I will even go so far as to shift to 1st before resuming from anything under about 5 MPH. This is the first car I've had to do that with.


----------



## jblackburn (Apr 14, 2012)

I start in 2nd if I'm rolling a small bit because first is so short. 

I don't think this was your fault at all and I'm sure you're driving just fine. 

There were some issues with the clutches in 2011-early 2012. The clutch plate only applies pressure to a very small part of the clutch, which burns it up quickly within a few thousand miles, and completely destroys the flywheel surface. 

There's a whole thread on this site somewhere about early clutch failures.
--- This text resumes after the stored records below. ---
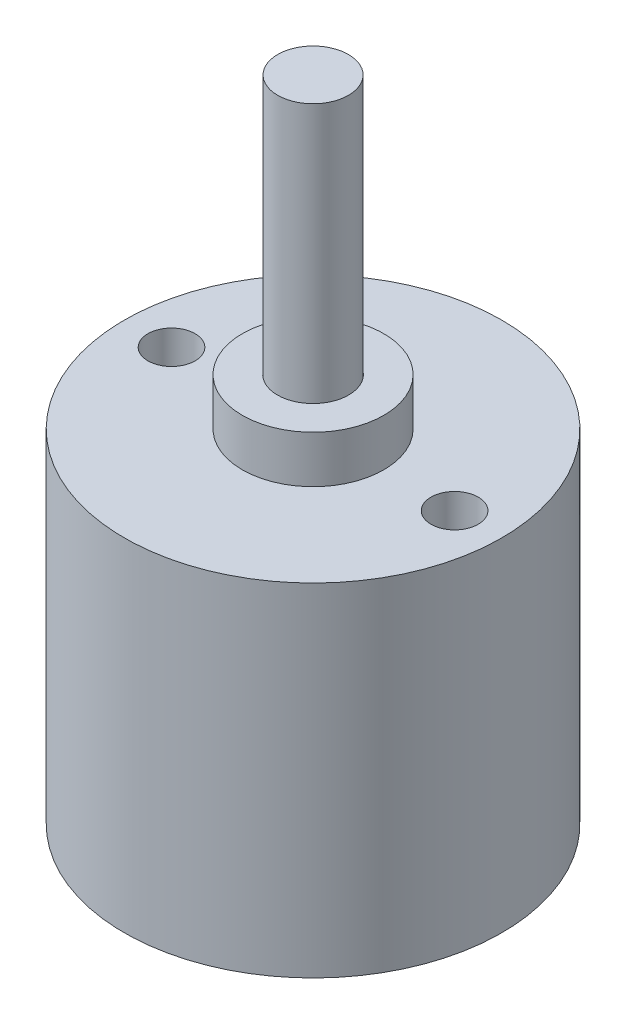
SolidWorks part; units mm, degrees
material "Acero inoxidable al cromo"
ref_plane "Alzado" through (0, 0, 0) normal (0, 0, 1) x (1, 0, 0)
ref_plane "Planta" through (0, 0, 0) normal (0, 1, 0) x (1, 0, 0)
ref_plane "Vista lateral" through (0, 0, 0) normal (1, 0, 0) x (0, 0, -1)
sketch "Croquis1" plane through (0, 0, 0) normal (0, 1, 0) x (1, 0, 0)
  circle A0 centre (0, 0) radius 8
extrude "Saliente-Extruir1" add sketch "Croquis1" along normal blind 14.5
sketch "Croquis2" plane through (0, 14.5, 0) normal (0, 1, 0) x (1, 0, 0)
  line L0 (8, 0) -> (7, 0) construction
  line L1 (-7, 0) -> (-5, 0) construction
  line L2 (-7, 0) -> (-8, 0) construction
  line L3 (-5, 0) -> (5, 0) construction
  line L4 (5, 0) -> (7, 0) construction
  circle A0 centre (0, 0) radius 8 construction
  circle A1 centre (6, 0) radius 1
  circle A2 centre (-6, 0) radius 1
  circle A3 centre (0, 0) radius 1.51
extrude "Cortar-Extruir1" cut sketch "Croquis2" against normal blind 5
sketch "Croquis3" plane through (0, 14.5, 0) normal (0, 1, 0) x (1, 0, 0)
  circle A0 centre (0, 0) radius 3
  circle A1 centre (0, 0) radius 1.51
extrude "Saliente-Extruir2" add sketch "Croquis3" along normal blind 2
sketch "Croquis4" plane through (0, 9.5, 0) normal (0, 1, 0) x (1, 0, 0)
  circle A0 centre (0, 0) radius 1.5
extrude "Saliente-Extruir3" add sketch "Croquis4" along normal blind 18

Take it up with customer care and they might reimburse you. 


Sent from AutoGuide.com App


----------



## jdhowell0916 (Mar 9, 2013)

Thanks I will look for that


----------



## Patman (May 7, 2011)

Starting out in 2nd gear does not help esp if you need to rev. the engine up and slip the clutch to take off. Why are you starting in 2nd anyway? I know 1st is short but still. I find myself going from 1-3-6 sometimes just to avoid all the shifting. I would only start in 2nd going down hill and rarely at that. As Mick said the gearing of this car leads to relearning how to drive a manual again. You need to learn how to drive this manual(unlike most 5 speeds). I often find myself in too high of a gear and I am afraid of hurting the clutch because of that but nothing after 32000 miles in 2011 LS.


----------



## jblackburn (Apr 14, 2012)

Nonsense; the only one you need to re-learn how to drive is the Eco transmission with gaps so big between gears you could stuff another transmission in between. Otherwise, the Cruze is the 2nd easiest transmission I've _*ever*_ driven with the exception of the 2013 Accord.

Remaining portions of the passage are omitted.